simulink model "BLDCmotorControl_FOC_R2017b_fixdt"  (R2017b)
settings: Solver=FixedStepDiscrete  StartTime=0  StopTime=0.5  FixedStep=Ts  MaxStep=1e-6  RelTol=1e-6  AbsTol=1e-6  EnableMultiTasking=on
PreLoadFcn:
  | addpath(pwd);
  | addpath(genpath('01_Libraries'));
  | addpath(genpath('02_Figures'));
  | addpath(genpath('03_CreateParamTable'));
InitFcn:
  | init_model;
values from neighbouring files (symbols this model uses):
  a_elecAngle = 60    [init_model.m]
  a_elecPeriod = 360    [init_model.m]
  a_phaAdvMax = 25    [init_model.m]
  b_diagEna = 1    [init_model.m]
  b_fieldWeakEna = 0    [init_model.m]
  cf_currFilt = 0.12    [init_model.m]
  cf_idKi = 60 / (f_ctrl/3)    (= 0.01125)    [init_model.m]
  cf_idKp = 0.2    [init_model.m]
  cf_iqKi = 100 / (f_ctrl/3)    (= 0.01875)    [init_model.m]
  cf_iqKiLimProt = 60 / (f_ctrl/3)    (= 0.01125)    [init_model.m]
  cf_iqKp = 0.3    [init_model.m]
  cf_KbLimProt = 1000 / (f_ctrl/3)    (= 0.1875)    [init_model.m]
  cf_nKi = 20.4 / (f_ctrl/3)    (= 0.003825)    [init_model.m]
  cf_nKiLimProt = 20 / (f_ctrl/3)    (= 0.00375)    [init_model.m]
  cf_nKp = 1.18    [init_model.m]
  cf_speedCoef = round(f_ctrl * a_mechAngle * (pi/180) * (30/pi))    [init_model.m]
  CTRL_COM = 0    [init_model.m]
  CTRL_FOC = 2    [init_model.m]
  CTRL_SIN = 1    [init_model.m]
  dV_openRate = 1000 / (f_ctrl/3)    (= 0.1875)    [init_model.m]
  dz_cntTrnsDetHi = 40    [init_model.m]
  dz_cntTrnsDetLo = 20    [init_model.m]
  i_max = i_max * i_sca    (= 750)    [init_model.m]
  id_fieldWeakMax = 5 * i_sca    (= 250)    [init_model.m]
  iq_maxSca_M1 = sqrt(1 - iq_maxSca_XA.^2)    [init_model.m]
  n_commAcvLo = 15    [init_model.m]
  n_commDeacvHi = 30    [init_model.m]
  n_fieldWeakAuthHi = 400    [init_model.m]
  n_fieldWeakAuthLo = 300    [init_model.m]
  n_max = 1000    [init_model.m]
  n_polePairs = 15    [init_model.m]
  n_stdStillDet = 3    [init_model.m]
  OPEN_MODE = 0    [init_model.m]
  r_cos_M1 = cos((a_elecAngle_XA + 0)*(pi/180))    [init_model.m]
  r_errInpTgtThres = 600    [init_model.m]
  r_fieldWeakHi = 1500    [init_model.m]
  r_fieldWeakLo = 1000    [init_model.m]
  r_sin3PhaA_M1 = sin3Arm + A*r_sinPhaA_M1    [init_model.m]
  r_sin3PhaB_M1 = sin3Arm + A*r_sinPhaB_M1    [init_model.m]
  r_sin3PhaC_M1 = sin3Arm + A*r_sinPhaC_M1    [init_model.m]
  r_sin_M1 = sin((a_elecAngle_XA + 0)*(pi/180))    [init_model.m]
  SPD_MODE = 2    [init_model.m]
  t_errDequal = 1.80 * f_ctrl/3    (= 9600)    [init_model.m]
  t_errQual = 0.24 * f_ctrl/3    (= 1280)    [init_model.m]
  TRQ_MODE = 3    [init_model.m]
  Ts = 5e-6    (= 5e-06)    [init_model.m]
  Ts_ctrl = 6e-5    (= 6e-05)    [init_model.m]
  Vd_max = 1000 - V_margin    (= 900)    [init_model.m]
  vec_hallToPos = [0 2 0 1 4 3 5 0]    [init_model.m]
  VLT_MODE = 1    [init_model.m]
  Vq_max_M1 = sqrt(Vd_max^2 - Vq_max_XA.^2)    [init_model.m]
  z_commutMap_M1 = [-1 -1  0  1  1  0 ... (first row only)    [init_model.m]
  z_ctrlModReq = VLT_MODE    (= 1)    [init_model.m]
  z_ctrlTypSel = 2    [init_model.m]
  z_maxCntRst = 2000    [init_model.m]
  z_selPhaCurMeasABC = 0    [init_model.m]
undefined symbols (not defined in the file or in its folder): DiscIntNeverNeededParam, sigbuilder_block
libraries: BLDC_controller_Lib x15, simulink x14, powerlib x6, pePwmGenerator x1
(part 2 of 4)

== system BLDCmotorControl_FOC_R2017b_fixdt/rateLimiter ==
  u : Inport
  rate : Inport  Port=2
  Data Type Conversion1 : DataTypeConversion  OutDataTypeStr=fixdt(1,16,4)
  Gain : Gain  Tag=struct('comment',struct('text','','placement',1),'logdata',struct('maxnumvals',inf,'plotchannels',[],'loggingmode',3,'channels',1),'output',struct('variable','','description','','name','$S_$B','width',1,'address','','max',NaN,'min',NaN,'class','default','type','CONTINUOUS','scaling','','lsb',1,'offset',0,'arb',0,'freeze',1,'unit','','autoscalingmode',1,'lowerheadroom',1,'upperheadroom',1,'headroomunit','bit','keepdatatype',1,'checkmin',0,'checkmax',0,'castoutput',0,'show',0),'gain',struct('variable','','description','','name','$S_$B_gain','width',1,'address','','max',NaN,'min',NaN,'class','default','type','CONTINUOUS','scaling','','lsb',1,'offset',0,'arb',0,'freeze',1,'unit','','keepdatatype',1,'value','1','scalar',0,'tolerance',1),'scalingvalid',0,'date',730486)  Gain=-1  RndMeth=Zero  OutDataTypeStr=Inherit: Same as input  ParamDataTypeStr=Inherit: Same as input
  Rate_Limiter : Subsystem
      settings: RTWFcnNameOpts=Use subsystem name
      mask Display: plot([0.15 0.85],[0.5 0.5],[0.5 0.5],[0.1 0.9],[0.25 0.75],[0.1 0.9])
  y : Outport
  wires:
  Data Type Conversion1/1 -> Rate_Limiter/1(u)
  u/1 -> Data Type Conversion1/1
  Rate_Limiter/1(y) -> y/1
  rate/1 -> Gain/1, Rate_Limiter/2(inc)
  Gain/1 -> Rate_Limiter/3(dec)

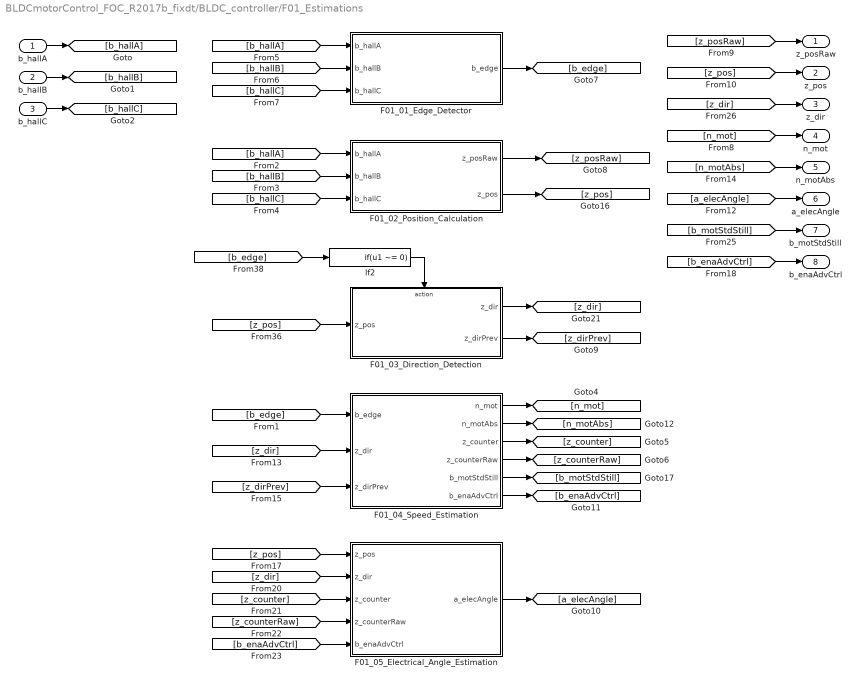
== system BLDCmotorControl_FOC_R2017b_fixdt/BLDC_controller/F01_Estimations ==
  b_hallA : Inport
  b_hallB : Inport  Port=2
  b_hallC : Inport  Port=3
  F01_01_Edge_Detector : Subsystem
  F01_02_Position_Calculation : Subsystem
  F01_03_Direction_Detection : Subsystem
  F01_04_Speed_Estimation : Subsystem
  F01_05_Electrical_Angle_Estimation : Subsystem
  If2 : If  IfExpression=u1 ~= 0  ShowElse=off
  z_posRaw : Outport  OutputWhenDisabled=reset  InitialOutput=0
  z_pos : Outport  Port=2  OutputWhenDisabled=reset  InitialOutput=0
  z_dir : Outport  Port=3  OutputWhenDisabled=reset  InitialOutput=0
  "n_mot " : Outport  Port=4  OutputWhenDisabled=reset  InitialOutput=0
  n_motAbs : Outport  Port=5  OutputWhenDisabled=reset  InitialOutput=0
  a_elecAngle : Outport  Port=6  OutputWhenDisabled=reset  InitialOutput=0
  b_motStdStill : Outport  Port=7  OutputWhenDisabled=reset  InitialOutput=0
  b_enaAdvCtrl : Outport  Port=8
  wires:
  If2/1 -> F01_03_Direction_Detection/Action
  [b_edge] -> If2/1
  [z_pos] -> F01_03_Direction_Detection/1(z_pos)
  [b_hallA] -> F01_01_Edge_Detector/1(b_hallA)
  F01_01_Edge_Detector/1("b_edge ") -> [b_edge]
  F01_03_Direction_Detection/1(z_dir) -> [z_dir]
  [b_hallB] -> F01_01_Edge_Detector/2(b_hallB)
  [b_hallC] -> F01_01_Edge_Detector/3(b_hallC)
  b_hallA/1 -> [b_hallA]
  b_hallB/1 -> [b_hallB]
  b_hallC/1 -> [b_hallC]
  [b_hallC] -> F01_02_Position_Calculation/3(b_hallC)
  [b_hallB] -> F01_02_Position_Calculation/2(b_hallB)
  [b_hallA] -> F01_02_Position_Calculation/1(b_hallA)
  F01_02_Position_Calculation/2("z_pos ") -> [z_pos]
  [b_edge] -> F01_04_Speed_Estimation/1(b_edge)
  F01_04_Speed_Estimation/1(n_mot) -> [n_mot]
  [n_mot] -> "n_mot "/1
  [z_pos] -> z_pos/1
  [z_dir] -> F01_04_Speed_Estimation/2(z_dir)
  F01_04_Speed_Estimation/3(z_counter) -> [z_counter]
  F01_04_Speed_Estimation/4(z_counterRaw) -> [z_counterRaw]
  F01_03_Direction_Detection/2(z_dirPrev) -> [z_dirPrev]
  [z_dirPrev] -> F01_04_Speed_Estimation/3(z_dirPrev)
  [z_pos] -> F01_05_Electrical_Angle_Estimation/1(z_pos)
  [z_dir] -> F01_05_Electrical_Angle_Estimation/2(z_dir)
  [z_counter] -> F01_05_Electrical_Angle_Estimation/3(z_counter)
  [z_counterRaw] -> F01_05_Electrical_Angle_Estimation/4(z_counterRaw)
  [b_enaAdvCtrl] -> F01_05_Electrical_Angle_Estimation/5(b_enaAdvCtrl)
  F01_04_Speed_Estimation/6(b_enaAdvCtrl) -> [b_enaAdvCtrl]
  [b_enaAdvCtrl] -> b_enaAdvCtrl/1
  [a_elecAngle] -> a_elecAngle/1
  F01_05_Electrical_Angle_Estimation/1(a_elecAngle) -> [a_elecAngle]
  F01_04_Speed_Estimation/2(n_motAbs) -> [n_motAbs]
  [n_motAbs] -> n_motAbs/1
  F01_02_Position_Calculation/1(z_posRaw) -> [z_posRaw]
  [z_posRaw] -> z_posRaw/1
  [b_motStdStill] -> b_motStdStill/1
  F01_04_Speed_Estimation/5(b_motStdStill) -> [b_motStdStill]
  [z_dir] -> z_dir/1

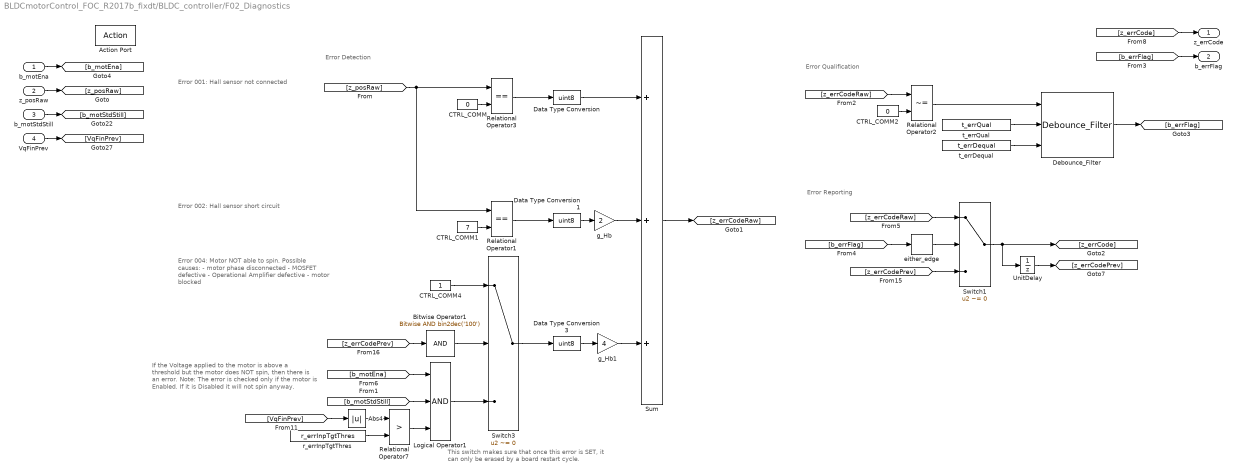
== system BLDCmotorControl_FOC_R2017b_fixdt/BLDC_controller/F02_Diagnostics ==
  note: Error 001: Hall sensor not connected
  note: Error 002: Hall sensor short circuit
  note: Error Qualification
  note: Error Detection
  note: Error Reporting
  note: Error 004: Motor NOT able to spin.
      |
      | Possible causes:
      | - motor phase disconnected
      | - MOSFET defective
      | - Operational Amplifier defective
      | - motor blocked
  note: This switch makes sure that once this error is SET, it can only be erased by a board restart cycle.
  note: If the Voltage applied to the motor is above a threshold but the motor does NOT spin, then there is an error.
      | Note: The error is checked only if the motor is Enabled. If it is Disabled it will not spin anyway.
  b_motEna : Inport
  z_posRaw : Inport  Port=2
  b_motStdStill : Inport  Port=3
  VqFinPrev : Inport  Port=4
  Action Port : ActionPort  ActionType=then
  Abs4 : Abs
  Bitwise Operator1 : simulink/Logic and Bit Operations/Bitwise Operator  logicop=AND  UseBitMask=on  BitMask=bin2dec('100')  BitMaskRealWorld=Stored Integer
  CTRL_COMM : Constant  Value=0  OutDataTypeStr=Inherit: Inherit via back propagation
  CTRL_COMM1 : Constant  Value=7  OutDataTypeStr=Inherit: Inherit via back propagation
  CTRL_COMM2 : Constant  Value=0  OutDataTypeStr=Inherit: Inherit via back propagation
  CTRL_COMM4 : Constant  OutDataTypeStr=Inherit: Inherit via back propagation
  Data Type Conversion : DataTypeConversion  OutDataTypeStr=uint8
  Data Type Conversion1 : DataTypeConversion  OutDataTypeStr=uint8
  Data Type Conversion3 : DataTypeConversion  OutDataTypeStr=uint8
  Debounce_Filter : BLDC_controller_Lib/Debounce_Filter
  Logical Operator1 : Logic  Inputs=3  AllPortsSameDT=off  OutDataTypeStr=boolean
  Relational Operator1 : RelationalOperator  Operator===  OutDataTypeStr=boolean  RndMeth=Simplest
  Relational Operator2 : RelationalOperator  Operator=~=  OutDataTypeStr=boolean  RndMeth=Simplest
  Relational Operator3 : RelationalOperator  Operator===  OutDataTypeStr=boolean  RndMeth=Simplest
  Relational Operator7 : RelationalOperator  Operator=>  OutDataTypeStr=boolean  RndMeth=Simplest
  Sum : Sum  Inputs=+++  RndMeth=Simplest  OutDataTypeStr=Inherit: Same as first input
  Switch1 : Switch  Criteria=u2 ~= 0  OutDataTypeStr=Inherit: Inherit via back propagation  RndMeth=Zero
  Switch3 : Switch  Criteria=u2 ~= 0  OutDataTypeStr=Inherit: Inherit via back propagation  RndMeth=Zero
  UnitDelay : UnitDelay  SampleTime=-1
      settings: AttributesFormatString=Ini=%<X0>
  either_edge : BLDC_controller_Lib/either_edge
  g_Hb : Gain  Gain=2  RndMeth=Simplest  OutDataTypeStr=Inherit: Same as input
  g_Hb1 : Gain  Gain=4  RndMeth=Simplest  OutDataTypeStr=Inherit: Same as input
  r_errInpTgtThres : Constant  Value=r_errInpTgtThres  OutDataTypeStr=Inherit: Inherit via back propagation
  t_errDequal : Constant  Value=t_errDequal  OutDataTypeStr=Inherit: Inherit via back propagation
  t_errQual : Constant  Value=t_errQual  OutDataTypeStr=Inherit: Inherit via back propagation
  "z_errCode " : Outport
  b_errFlag : Outport  Port=2
  wires:
  [z_errCode] -> "z_errCode "/1
  z_posRaw/1 -> [z_posRaw]
  t_errDequal/1 -> Debounce_Filter/3
  t_errQual/1 -> Debounce_Filter/2
  CTRL_COMM/1 -> Relational Operator3/2
  CTRL_COMM1/1 -> Relational Operator1/2
  [z_posRaw] -> Relational Operator1/1, Relational Operator3/1
  Relational Operator3/1 -> Data Type Conversion/1
  Sum/1 -> [z_errCodeRaw]
  Relational Operator2/1 -> Debounce_Filter/1
  [z_errCodeRaw] -> Relational Operator2/1
  CTRL_COMM2/1 -> Relational Operator2/2
  Debounce_Filter/1 -> [b_errFlag]
  either_edge/1 -> Switch1/2
  Switch1/1 -> [z_errCode], UnitDelay/1
  [b_errFlag] -> b_errFlag/1
  [b_errFlag] -> either_edge/1
  [z_errCodeRaw] -> Switch1/1
  g_Hb/1 -> Sum/2
  Relational Operator1/1 -> Data Type Conversion1/1
  Data Type Conversion/1 -> Sum/1
  Data Type Conversion1/1 -> g_Hb/1
  Switch3/1 -> Data Type Conversion3/1
  Data Type Conversion3/1 -> g_Hb1/1
  g_Hb1/1 -> Sum/3
  VqFinPrev/1 -> [VqFinPrev]
  b_motStdStill/1 -> [b_motStdStill]
  [VqFinPrev] -> Abs4/1
  Abs4/1 -> Relational Operator7/1
  r_errInpTgtThres/1 -> Relational Operator7/2
  UnitDelay/1 -> [z_errCodePrev]
  [z_errCodePrev] -> Switch1/3
  [z_errCodePrev] -> Bitwise Operator1/1
  Bitwise Operator1/1 -> Switch3/2
  CTRL_COMM4/1 -> Switch3/1
  Logical Operator1/1 -> Switch3/3
  b_motEna/1 -> [b_motEna]
  Relational Operator7/1 -> Logical Operator1/3
  [b_motEna] -> Logical Operator1/1
  [b_motStdStill] -> Logical Operator1/2

== system BLDCmotorControl_FOC_R2017b_fixdt/BLDC_controller/F03_Control_Mode_Manager ==
  b_errFlag : Inport
  b_motEna : Inport  Port=2
  z_ctrlTypSel : Inport  Port=3
  z_ctrlModReq : Inport  Port=4
  r_inpTgt : Inport  Port=5
  VqFinPrev : Inport  Port=6
  Action Port : ActionPort  ActionType=then
  F03_01_Mode_Transition_Calculation : Subsystem
  F03_02_Control_Mode_Manager : Stateflow chart  TreatAsAtomicUnit=on
  F03_03_Input_Target_Synthesis : Subsystem
  z_ctrlMod : Outport
  r_inpTgtSca : Outport  Port=2
  wires:
  [z_ctrlMod] -> z_ctrlMod/1
  b_motEna/1 -> [b_motEna]
  [b_toOpen] -> F03_02_Control_Mode_Manager/1(b_toOpen)
  [b_toSpdMod] -> F03_02_Control_Mode_Manager/3(b_toSpdMod)
  z_ctrlModReq/1 -> [z_ctrlModReq]
  [b_toTrqMod] -> F03_02_Control_Mode_Manager/4(b_toTrqMod)
  F03_02_Control_Mode_Manager/1(z_ctrlMod) -> [z_ctrlMod]
  [b_toActive] -> F03_02_Control_Mode_Manager/2(b_toActive)
  F03_01_Mode_Transition_Calculation/1(b_toOpen) -> [b_toOpen]
  F03_01_Mode_Transition_Calculation/2(b_toActive) -> [b_toActive]
  F03_01_Mode_Transition_Calculation/3(b_toSpdMod) -> [b_toSpdMod]
  F03_01_Mode_Transition_Calculation/4(b_toTrqMod) -> [b_toTrqMod]
  [b_motEna] -> F03_01_Mode_Transition_Calculation/1(b_motEna)
  [z_ctrlModReq] -> F03_01_Mode_Transition_Calculation/3(z_ctrlModReq)
  b_errFlag/1 -> [b_errFlag]
  [b_errFlag] -> F03_01_Mode_Transition_Calculation/2(b_errFlag)
  [z_ctrlModReq] -> F03_03_Input_Target_Synthesis/2(z_ctrlModReq)
  [z_ctrlTypSel] -> F03_03_Input_Target_Synthesis/1(z_ctrlTypSel)
  [r_inpTgt] -> F03_03_Input_Target_Synthesis/4(r_inpTgt)
  F03_03_Input_Target_Synthesis/1(r_inpTgtSca) -> [r_inpTgtSca]
  [z_ctrlMod] -> F03_03_Input_Target_Synthesis/3(z_ctrlMod)
  VqFinPrev/1 -> [VqFinPrev]
  [VqFinPrev] -> F03_03_Input_Target_Synthesis/5(VqFinPrev)
  r_inpTgt/1 -> [r_inpTgt]
  z_ctrlTypSel/1 -> [z_ctrlTypSel]
  [r_inpTgtSca] -> r_inpTgtSca/1

== system BLDCmotorControl_FOC_R2017b_fixdt/BLDC_controller/F04_Field_Weakening ==
  note: Calculate Blending Factor
  note: This blendig factor is a number between [0, 1]. It manages the Field weakening amount, ranging from 0 to a calibratable Max value.
  note: Field Weakening / Phase Advance
  z_ctrlTypSel : Inport
  r_inpTgt : Inport  Port=2
  n_motAbs : Inport  Port=3
  Action Port : ActionPort  ActionType=then
  Abs5 : Abs  OutDataTypeStr=Inherit: Inherit via back propagation  RndMeth=Zero
  CTRL_COMM2 : Constant  Value=CTRL_FOC  OutDataTypeStr=Inherit: Inherit via back propagation
  Divide1 : Product  Inputs=*/  OutDataTypeStr=fixdt(0,16,15)  RndMeth=Simplest
  Divide14 : Product  Inputs=*/  OutDataTypeStr=fixdt(0,16,15)  RndMeth=Simplest
  Divide2 : Product  Inputs=**  OutDataTypeStr=fixdt(0,16,15)  RndMeth=Simplest
  Divide3 : Product  Inputs=**  RndMeth=Simplest  OutDataTypeStr=Inherit: Same as first input
  Relational Operator1 : RelationalOperator  Operator===  OutDataTypeStr=boolean  RndMeth=Simplest
  Saturation Dynamic : simulink/Discontinuities/Saturation Dynamic  OutMin=[]  OutMax=[]  OutDataTypeStr=Inherit: Same as second input  OutDataType=fixdt(1, 16)  OutScaling=2^-10  DoSatur=off
  Saturation Dynamic1 : simulink/Discontinuities/Saturation Dynamic  OutMin=[]  OutMax=[]  OutDataTypeStr=Inherit: Same as second input  OutDataType=fixdt(1, 16)  OutScaling=2^-10  DoSatur=off
  Sum{1..4} (4 alike) : Sum  Inputs=+-  RndMeth=Simplest  OutDataTypeStr=Inherit: Same as first input
  Switch2 : Switch  Criteria=u2 ~= 0  OutDataTypeStr=Inherit: Inherit via back propagation  RndMeth=Zero
  a_phaAdvMax : Constant  Value=a_phaAdvMax  OutDataTypeStr=fixdt(1,16,4)
  id_fieldWeakMax : Constant  Value=id_fieldWeakMax  OutDataTypeStr=fixdt(1,16,4)
  n_fieldWeakAuthHi : Constant  Value=n_fieldWeakAuthHi  OutDataTypeStr=fixdt(1,16,4)
  n_fieldWeakAuthLo : Constant  Value=n_fieldWeakAuthLo  OutDataTypeStr=fixdt(1,16,4)
  r_fieldWeakHi : Constant  Value=r_fieldWeakHi  OutDataTypeStr=fixdt(1,16,4)
  r_fieldWeakLo : Constant  Value=r_fieldWeakLo  OutDataTypeStr=fixdt(1,16,4)
  "r_fieldWeak " : Outport
  wires:
  a_phaAdvMax/1 -> Switch2/3
  [r_fieldWeak] -> "r_fieldWeak "/1
  Switch2/1 -> Divide3/1
  n_fieldWeakAuthLo/1 -> Saturation Dynamic/3, Sum4/2, Sum2/2
  CTRL_COMM2/1 -> Relational Operator1/2
  Relational Operator1/1 -> Switch2/2
  [n_motAbs] -> Saturation Dynamic/2
  n_motAbs/1 -> [n_motAbs]
  Divide14/1 -> Divide2/1
  Saturation Dynamic/1 -> Sum4/1
  n_fieldWeakAuthHi/1 -> Saturation Dynamic/1, Sum2/1
  Divide1/1 -> Divide2/2
  Sum4/1 -> Divide1/1
  [r_blendFactor] -> Divide3/2
  Sum3/1 -> Divide14/2
  id_fieldWeakMax/1 -> Switch2/1
  [r_inpTgt] -> Abs5/1
  Saturation Dynamic1/1 -> Sum1/1
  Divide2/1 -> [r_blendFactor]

**TASK OBJECTIVE**: Return every line of the listing that has the word "OutScaling" in it.

**RESPONSE AREA**:
  Saturation Dynamic : simulink/Discontinuities/Saturation Dynamic  OutMin=[]  OutMax=[]  OutDataTypeStr=Inherit: Same as second input  OutDataType=fixdt(1, 16)  OutScaling=2^-10  DoSatur=off
  Saturation Dynamic1 : simulink/Discontinuities/Saturation Dynamic  OutMin=[]  OutMax=[]  OutDataTypeStr=Inherit: Same as second input  OutDataType=fixdt(1, 16)  OutScaling=2^-10  DoSatur=off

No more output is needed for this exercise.